Want both Muse Spark 1.1 and NVIDIA Nemotron 3 Ultra without two subscriptions? LumiChats gives you these plus 40+ models under one ₹69/day pass (about $1/day) — draft with one, cross-check with the other.
Is Muse Spark 1.1 or NVIDIA Nemotron 3 Ultra better for coding?
Public SWE-Bench figures are not available for either model, so the honest test is your own repository — run an identical real bug through both. By design, Muse Spark 1.1 leans toward scaled tool use — 88.1 on mcp atlas, ahead of opus 4.8 and gpt-5.5 (vendor-reported) while NVIDIA Nemotron 3 Ultra leans toward the most capable open-weight model from a us lab (artificial analysis intelligence index of about 48), and that positioning usually predicts which feels better on your codebase.
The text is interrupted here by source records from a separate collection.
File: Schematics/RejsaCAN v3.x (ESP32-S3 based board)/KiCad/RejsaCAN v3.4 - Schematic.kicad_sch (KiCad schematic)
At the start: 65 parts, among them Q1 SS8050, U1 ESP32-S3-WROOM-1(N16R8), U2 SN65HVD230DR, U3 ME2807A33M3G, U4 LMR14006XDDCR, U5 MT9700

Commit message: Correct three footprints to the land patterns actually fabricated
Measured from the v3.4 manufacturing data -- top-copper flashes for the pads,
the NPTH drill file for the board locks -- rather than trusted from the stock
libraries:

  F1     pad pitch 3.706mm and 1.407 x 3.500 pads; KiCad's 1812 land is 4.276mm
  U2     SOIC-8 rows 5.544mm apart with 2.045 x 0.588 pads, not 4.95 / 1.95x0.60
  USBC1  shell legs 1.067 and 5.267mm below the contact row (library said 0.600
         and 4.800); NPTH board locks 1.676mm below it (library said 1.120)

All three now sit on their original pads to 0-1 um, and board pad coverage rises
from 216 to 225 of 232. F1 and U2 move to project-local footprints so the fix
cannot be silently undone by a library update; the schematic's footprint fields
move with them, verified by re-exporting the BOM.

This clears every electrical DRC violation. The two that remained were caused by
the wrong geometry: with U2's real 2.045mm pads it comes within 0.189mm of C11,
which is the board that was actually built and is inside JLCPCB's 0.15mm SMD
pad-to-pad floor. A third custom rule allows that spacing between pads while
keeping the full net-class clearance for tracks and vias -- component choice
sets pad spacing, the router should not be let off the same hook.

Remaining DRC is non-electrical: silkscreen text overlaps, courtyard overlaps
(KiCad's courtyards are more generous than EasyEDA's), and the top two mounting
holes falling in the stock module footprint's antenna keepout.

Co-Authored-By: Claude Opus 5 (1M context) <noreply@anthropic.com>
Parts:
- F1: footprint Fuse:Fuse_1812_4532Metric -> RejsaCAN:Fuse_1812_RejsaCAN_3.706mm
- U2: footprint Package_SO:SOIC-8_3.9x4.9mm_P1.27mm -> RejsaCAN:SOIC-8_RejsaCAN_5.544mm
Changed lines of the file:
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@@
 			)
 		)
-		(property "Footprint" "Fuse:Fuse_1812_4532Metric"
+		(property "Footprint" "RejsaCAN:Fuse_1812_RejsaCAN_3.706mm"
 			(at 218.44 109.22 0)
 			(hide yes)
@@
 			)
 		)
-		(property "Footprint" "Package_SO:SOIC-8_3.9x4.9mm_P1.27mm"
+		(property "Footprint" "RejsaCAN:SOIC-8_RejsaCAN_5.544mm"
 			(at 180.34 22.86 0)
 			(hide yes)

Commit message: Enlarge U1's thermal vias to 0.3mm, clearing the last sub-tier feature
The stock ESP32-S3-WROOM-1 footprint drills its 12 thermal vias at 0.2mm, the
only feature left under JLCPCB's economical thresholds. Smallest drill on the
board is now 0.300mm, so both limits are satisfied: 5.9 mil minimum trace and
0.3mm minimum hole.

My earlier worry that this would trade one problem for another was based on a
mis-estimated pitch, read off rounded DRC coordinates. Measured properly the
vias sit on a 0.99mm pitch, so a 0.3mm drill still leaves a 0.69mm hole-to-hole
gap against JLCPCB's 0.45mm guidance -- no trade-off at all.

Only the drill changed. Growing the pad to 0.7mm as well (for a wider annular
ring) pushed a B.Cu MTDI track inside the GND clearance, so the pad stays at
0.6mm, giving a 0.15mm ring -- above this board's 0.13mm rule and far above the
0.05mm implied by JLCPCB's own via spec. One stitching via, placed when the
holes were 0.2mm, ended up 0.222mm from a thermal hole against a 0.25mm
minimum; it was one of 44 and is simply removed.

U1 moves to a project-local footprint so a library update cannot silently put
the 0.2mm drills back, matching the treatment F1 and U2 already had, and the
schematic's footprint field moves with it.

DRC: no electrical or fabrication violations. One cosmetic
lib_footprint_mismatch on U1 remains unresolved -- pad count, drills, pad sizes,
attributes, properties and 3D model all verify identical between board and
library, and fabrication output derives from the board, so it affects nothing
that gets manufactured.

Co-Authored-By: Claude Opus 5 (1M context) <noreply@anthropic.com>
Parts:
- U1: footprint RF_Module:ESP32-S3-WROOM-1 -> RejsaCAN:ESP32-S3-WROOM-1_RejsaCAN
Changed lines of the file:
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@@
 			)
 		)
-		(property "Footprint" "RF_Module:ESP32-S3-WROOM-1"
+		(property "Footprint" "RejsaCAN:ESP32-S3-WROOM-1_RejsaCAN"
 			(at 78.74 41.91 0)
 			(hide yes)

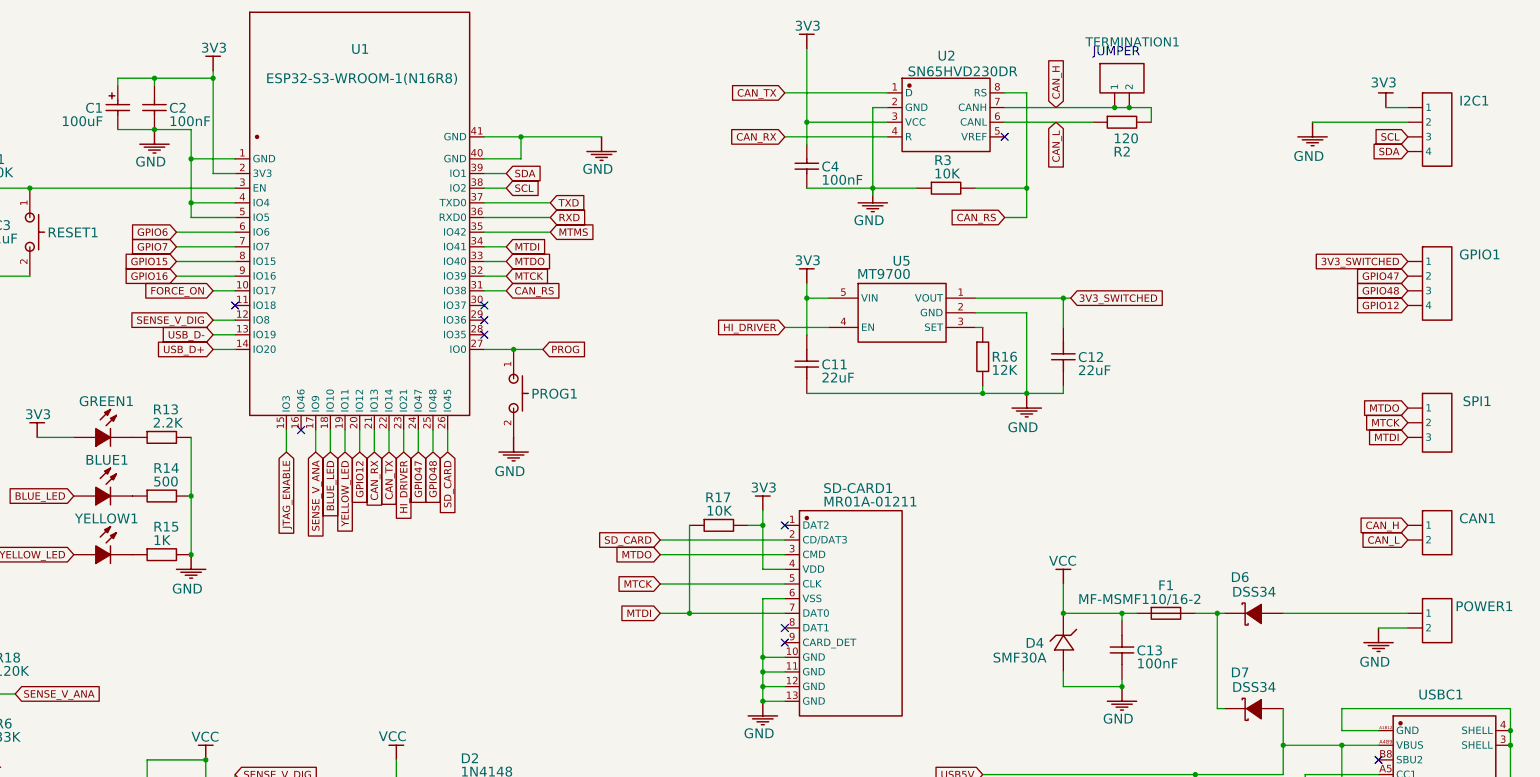
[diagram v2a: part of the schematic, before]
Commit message: Schematic: Micro-Fit input connector and software-switched CAN termination
Replaces the two 2.54mm headers with a single 4-circuit connector, and
turns the cuttable termination link into a GPIO-controlled photorelay.

J1 (Molex Micro-Fit 3.0 43045-0400, 2x02 right-angle) carries 12V, GND,
CAN_H and CAN_L, superseding POWER1 and CAN1. Pins 1 and 2 land on the
existing 12V and GND wires, so the input protection chain is untouched.

Termination was R2 wired permanently across the bus, opened only by
cutting the copper link between TERMINATION1's two pads. U6 (CPC1018N
photorelay) now sits in that gap: CAN_H -> U6 -> TERM_SW -> R2 -> CAN_L.

The photorelay is bipolar and optically isolated, so the ~2.5V CAN
common mode is a non-issue and a bus fault cannot reach the ESP32 --
the trap that makes a discrete MOSFET switch impractical here, since a
3.3V gate only yields Vgs ~0.8V against a floating 2.5V source.

Control is TERM_EN on GPIO16 (was an unused rear-pad net). R20 500R
gives ~4mA, four times the CPC1018N's 1mA operate current, and reuses
R14's existing part rather than adding a BOM line. R21 10k pulls down
so termination is off at reset, before firmware runs. Holding state
through sleep is gpio_hold_en(); through power-off is NVS re-assert.

ERC 256 -> 251 violations. The one new error, R20 pin 1 "Input pin not
driven", is the EasyEDA symbol pin-type artifact behind all 20 of the
pre-existing ones, not an electrical fault.

PCB layout not yet updated.

Co-Authored-By: Claude Opus 5 <noreply@anthropic.com>
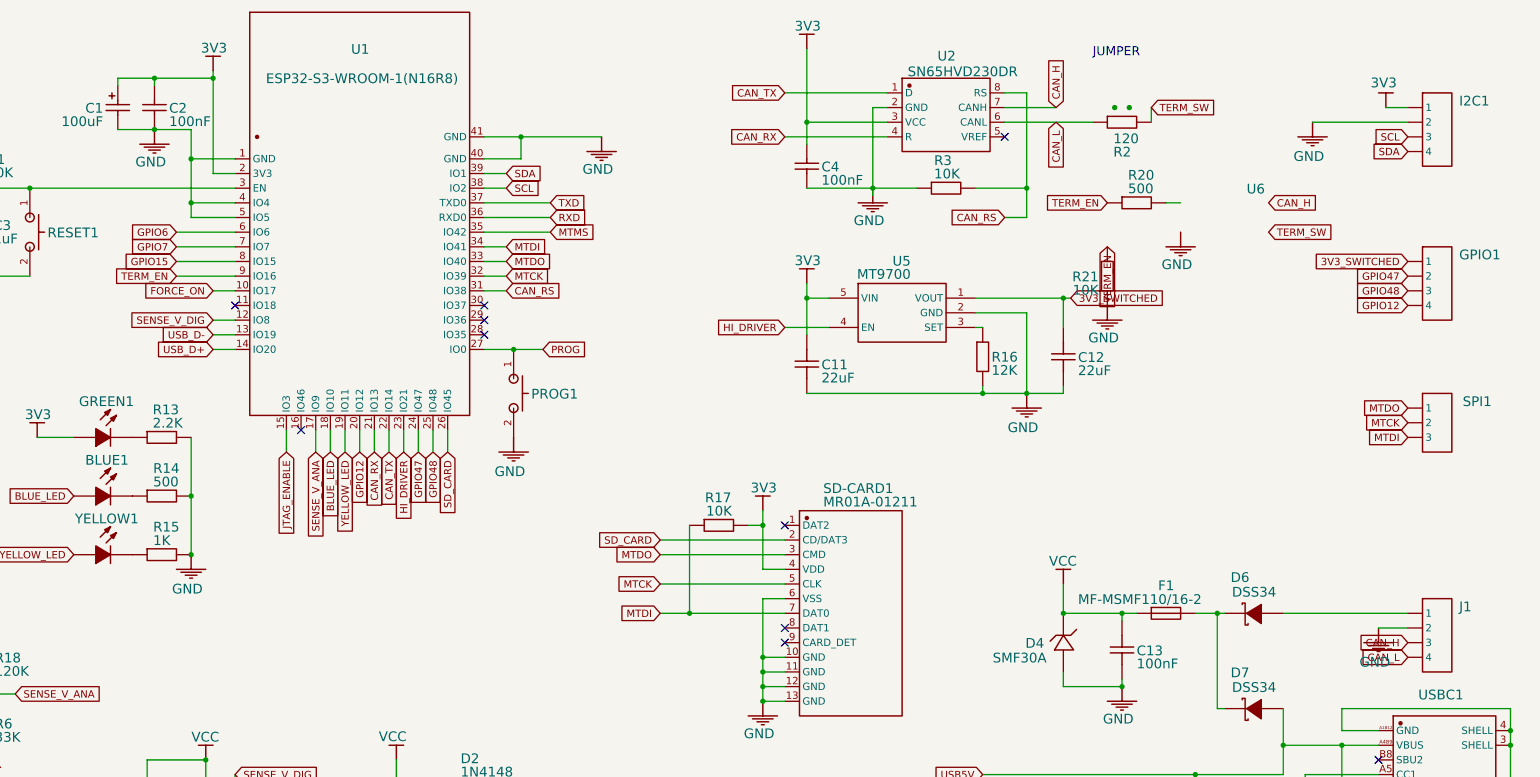
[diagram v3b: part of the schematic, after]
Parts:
- removed CAN1: HDR-M-2.54_1x2, Connector_PinHeader_2.54mm:PinHeader_1x02_P2.54mm_Vertical, symbol HDR-M-2.54_1x2_1
- removed POWER1: HDR-M-2.54_1x2, Connector_PinHeader_2.54mm:PinHeader_1x02_P2.54mm_Vertical, symbol HDR-M-2.54_1x2
- removed TERMINATION1: HDR-M-2.54_1x2, Connector_PinHeader_2.54mm:PinHeader_1x02_P2.54mm_Vertical, symbol HDR-M-2.54_1x2_2
- added J1: Micro-Fit 3.0 4P R/A, Connector_Molex:Molex_Micro-Fit_3.0_43045-0400_2x02_P3.00mm_Horizontal, symbol HDR-M-2.54_1x4_1
- added R20: 500, Resistor_SMD:R_0402_1005Metric, symbol 0402WGF1001TCE_1
- added R21: 10K, Resistor_SMD:R_0402_1005Metric, symbol 0402WGF1002TCE_5
- added U6: CPC1018N, Package_SO:SOP-4_3.8x4.1mm_P2.54mm, symbol CPC1018N
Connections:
- net CAN_H: now also J1.3; no longer R2.2
- net CAN_L: now also J1.4
- net GND: now also J1.2, R21.1
- net at D6.2 (A): now also J1.1
- net GPIO16 renamed TERM_EN
- net TERM_EN: now also R20.1, R21.2
- new net TERM_SW: R2.2

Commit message: Schematic: add LG290P03 GNSS receiver, u.FL antenna and lock LED
U7 is a Quectel LG290P (03) quad-band RTK GNSS module (12.2 x 16.0 x
2.6 mm, 79 pads), talking to the ESP32-S3 over the second UART that
upstream had reserved but never connected.

Connections, all on pins that were previously unused:
  TXD1/RXD1  <-> RXD/TXD  (GPIO44/43) -- module I/O follows VCC, so
                           3.3V logic throughout, no level shifting
  1PPS       ->  GPIO6
  ~RESET     <-  GPIO7
  RTK_STAT   ->  GPS_LOCK: drives GPS1 via R22 1k, and is readable on
                 GPIO15 so firmware can see fix state
  VCC/V_BCKP <-  3V3, decoupled by C27 100nF + C28 22uF

Antenna is an external active type fed from VDD_RF through a bias tee
(L2 into the feed, C30 blocking DC off RF_IN) to J2, a u.FL jack.
C29 bypasses VDD_RF.

Datasheet figures taken from the encrypted Quectel spec supplied by the
user, decrypted locally: VCC 3.0-3.6V typ 3.3V, 99 mA at both
acquisition and tracking, 18 uA backup, UART default 460800 bps.

The vendor KiCad symbol is 2021 format and KiCad 10 rejects its (id N)
and bare hide tokens, so it was converted with kicad-cli sym upgrade
before embedding. Footprint copied into RejsaCAN.pretty per the
project convention for parts with no stock equivalent.

The module's 59 ground pads connect via a vertical rail per side with
an explicit junction at every pin -- a wire passing over a pin does not
connect it in KiCad, which silently cost 59 GND nodes on the first
attempt. GND is now 120 nodes, up from 56.

L2 27nH and C30 100pF are PROVISIONAL: they are standard GNSS bias-tee
values, not yet confirmed against Quectel's hardware design guide.
Do not fabricate before checking them.

ERC 251 -> 291, entirely in the pre-existing benign classes (EasyEDA
pin typing and unregistered-library warnings) plus 13 off-grid
endpoints from vendor symbol pin offsets. Netlist verified per net.

PCB layout still not updated.

Co-Authored-By: Claude Opus 5 <noreply@anthropic.com>
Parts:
- added C27, C29: 100nF, Capacitor_SMD:C_0402_1005Metric, symbol CL05B104KO5NNNC_1
- added C28: 22uF, Capacitor_SMD:C_0603_1608Metric, symbol CL10A226MQ8NRNC_3
- added C30: 100pF, Capacitor_SMD:C_0402_1005Metric, symbol CL05B104KO5NNNC_1
- added GPS1: Blue LED, LED_SMD:LED_0603_1608Metric, symbol 19-217/BHC-ZL1M2RY/3T
- added J2: U.FL, Connector_Coaxial:U.FL_Hirose_U.FL-R-SMT-1_Vertical, symbol HDR-M-2.54_1x2
- added L2: 27nH, Inductor_SMD:L_0402_1005Metric, symbol SLP6028S100MTT
- added R22: 1K, Resistor_SMD:R_0402_1005Metric, symbol 0402WGF1001TCE
- added U7: LG290P03AAMD, RejsaCAN:LG290P03AAMD, symbol LG290P03AAMD
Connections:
- net 3V3: now also C27.2, C28.2
- net GND: now also C27.1, C28.1, C29.1, GPS1.2 (C), J2.2
- net GPIO15 renamed GPS_LOCK
- net GPS_LOCK: now also R22.1
- new net GNSS_ANT: C30.1, J2.1, L2.2
- new net GNSS_LED: GPS1.1 (A), R22.2
- new net GNSS_RF_IN: C30.2
- new net GNSS_VDD_RF: C29.2, L2.1
- no-connect marks 11 -> 18

Which is cheaper, Muse Spark 1.1 or NVIDIA Nemotron 3 Ultra?
NVIDIA Nemotron 3 Ultra is open-weight, so self-hosting means no per-token fee (you pay for hardware instead), while Muse Spark 1.1 is API-metered at $1.25/$4.25 per 1M tokens. For most teams without GPUs, the API model is cheaper to start; at very high volume, self-hosting can win.
Which has the bigger context window?
Effectively neither — 1M vs 1M is a difference of a few percent. Remember advertised ≠ usable: recall typically degrades before the ceiling.
Can I use both Muse Spark 1.1 and NVIDIA Nemotron 3 Ultra together?
Yes — a multi-model platform like LumiChats gives you Muse Spark 1.1, NVIDIA Nemotron 3 Ultra and 40+ others under one ₹69/day pass (about $1/day), so you can draft with one and cross-check with the other instead of buying two subscriptions.
Which is newer, Muse Spark 1.1 or NVIDIA Nemotron 3 Ultra?
Muse Spark 1.1 — released July 9, 2026, about 35 days after NVIDIA Nemotron 3 Ultra.
Specifications and benchmarks reflect publicly reported figures as of June 2026 and may change as providers release updates. Always verify on your own workload.